Students could create a news report on their project or develop a projection like creating a new playground. They could explore an issue for the media or their school newsletter from differing perspectives such equally a politician, a greenie, a farmer, a parent, a local elder or other teachers. This involves ethical decision-making on behalf of the students every bit to what to include and what not to include in the report.

Further resources

Scientific discipline related interactive learning objects can be found on the FUSE Teacher Resources folio.

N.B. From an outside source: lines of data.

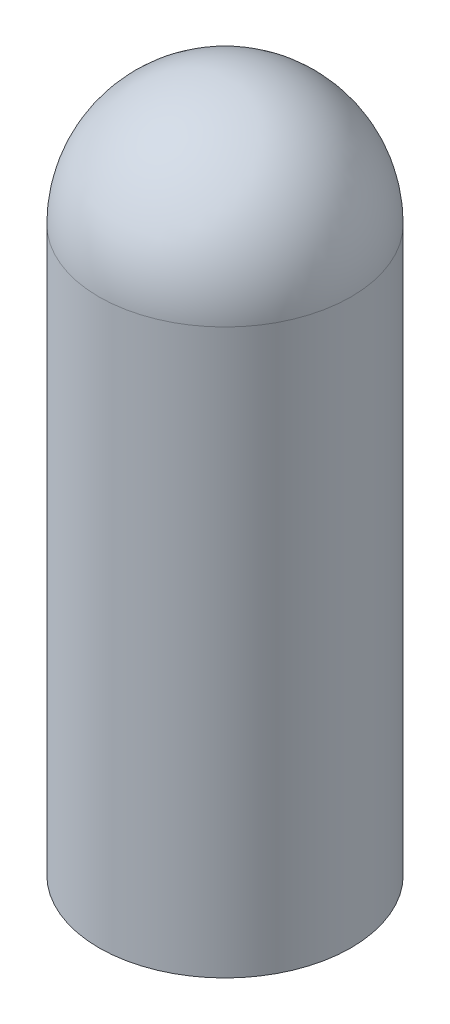
SolidWorks part; units mm, degrees
material "Glass"
ref_plane "Front Plane" through (0, 0, 0) normal (0, 0, 1) x (1, 0, 0)
ref_plane "Top Plane" through (0, 0, 0) normal (0, 1, 0) x (1, 0, 0)
ref_plane "Right Plane" through (0, 0, 0) normal (1, 0, 0) x (0, 0, -1)
sketch "Sketch1" plane through (0, 0, 0) normal (0, 0, 1) x (1, 0, 0)
  line L0 (0, 42.5) -> (0, 52)
  line L1 (0, 0) -> (-9.5, 0)
  line L2 (0, 0) -> (0, 42.5)
  line L4 (-9.5, 0) -> (-9.5, 42.5)
  arc A0 (-9.5, 42.5) -> (0, 52) centre (0, 42.5) cw
  dimension "D3" = 9.5
  dimension "D1" = 9.5
  dimension "D2" = 42.5
revolve "Revolve6" add sketch "Sketch1" angle 360 about L0
shell "Shell1" thickness 1.5
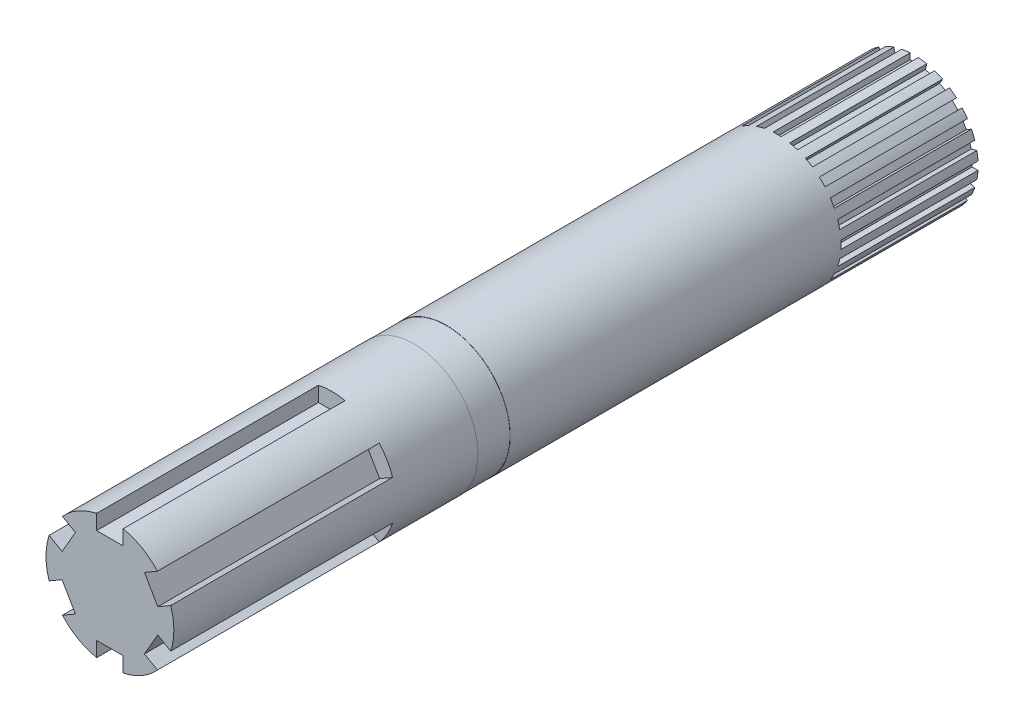
SolidWorks part; units mm, degrees
ref_plane "Front Plane" through (0, 0, 0) normal (0, 0, 1) x (1, 0, 0)
ref_plane "Top Plane" through (0, 0, 0) normal (0, 1, 0) x (1, 0, 0)
ref_plane "Right Plane" through (0, 0, 0) normal (1, 0, 0) x (0, 0, -1)
sketch "Sketch1" plane through (0, 0, 0) normal (0, 0, 1) x (1, 0, 0)
  circle A0 centre (0, 0) radius 7.925
extrude "Boss-Extrude1" add sketch "Sketch1" along normal blind 58
sketch "Sketch2" plane through (0, 0, 58) normal (0, 0, 1) x (1, 0, 0)
  circle A0 centre (0, 0) radius 7.9
extrude "Boss-Extrude2" add sketch "Sketch2" along normal blind 4
sketch "Sketch3" plane through (0, 0, 62) normal (0, 0, 1) x (1, 0, 0)
  circle A0 centre (0, 0) radius 7.925
extrude "Boss-Extrude3" add sketch "Sketch3" along normal blind 37.7
ref_plane "Plane2" through (0, 7.925, 0) normal (0, 1, 0) x (1, 0, 0)
sketch "Sketch4" plane through (0, 7.925, 0) normal (0, 1, 0) x (1, 0, 0)
  line L0 (-7.925, -99.7) -> (7.925, -99.7) construction
  line L1 (-1.651, -99.7) -> (1.651, -99.7)
  line L2 (-1.651, -99.7) -> (-1.651, -72.2)
  line L3 (-1.651, -72.2) -> (1.651, -72.2)
  line L4 (1.651, -99.7) -> (1.651, -72.2)
  line L5 (0, -8.7175) -> (0, 8.7175) construction
  dimension "D1" = 27.5
  dimension "D2" = 3.302
  dimension "D3" = 1.651
extrude "Cut-Extrude1" cut sketch "Sketch4" against normal blind 2.032 contours L2 L3 L4 L1
pattern_circular "CirPattern1" count 6 over 360 about axis through (0, 0, 0) along (0, 0, 1) of "Cut-Extrude1"
sketch "Sketch10" plane through (0, 7.925, 0) normal (0, 1, 0) x (1, 0, 0)
  line L1 (-0.5, -17) -> (0.5, -17)
  line L2 (-0.5, -17) -> (-0.5, 0)
  line L3 (-0.5, 0) -> (0.5, 0)
  line L4 (0.5, -17) -> (0.5, 0)
  line L5 (-0.5, -17) -> (0.5, 0) construction
  line L6 (-0.5, 0) -> (0.5, -17) construction
  line L9 (0, 0) -> (0, -17.7116) construction
  line L10 (0, 0.8468) -> (0, -16.8647) construction
  point P0 (0, -8.5)
  dimension "D1" = 17
  dimension "D2" = 1
extrude "Cut-Extrude2" cut sketch "Sketch10" against normal blind 0.75
pattern_circular "CirPattern2" count 24 over 360 about axis through (0, 0, 0) along (0, 0, 1) of "Cut-Extrude2"
equation "\"D2\"=0.065"

To admission the interactive learning object below, teachers must login to FUSE and search past Learning Resource ID:

  • Ecology evaluation project: frog pond habitat –students answer a brusque quiz virtually how organisms are adapted to their environs, so explore a pond environment. They choose sampling tools suited to avert pain the animals or damaging the study area, then collect animals from a pond, grassy bank, rocky bank, trees and shrubs. They look at a species description and video for each beast and describe how the animal meets its basic needs for food, water, shelter and protection.
    Learning Resource ID:  R9QN9M
  • Ecology evaluation project: frog pond habitat (2) – students explore why a frog population is failing by look at changes in the pond over time (specifically, h2o quality, habitat loss and predation by introduced species). Students build a food web for the swimming and model population interactions. They identify which species take the greatest touch on the frog and finally build a report using evidence collected to back up their conclusions.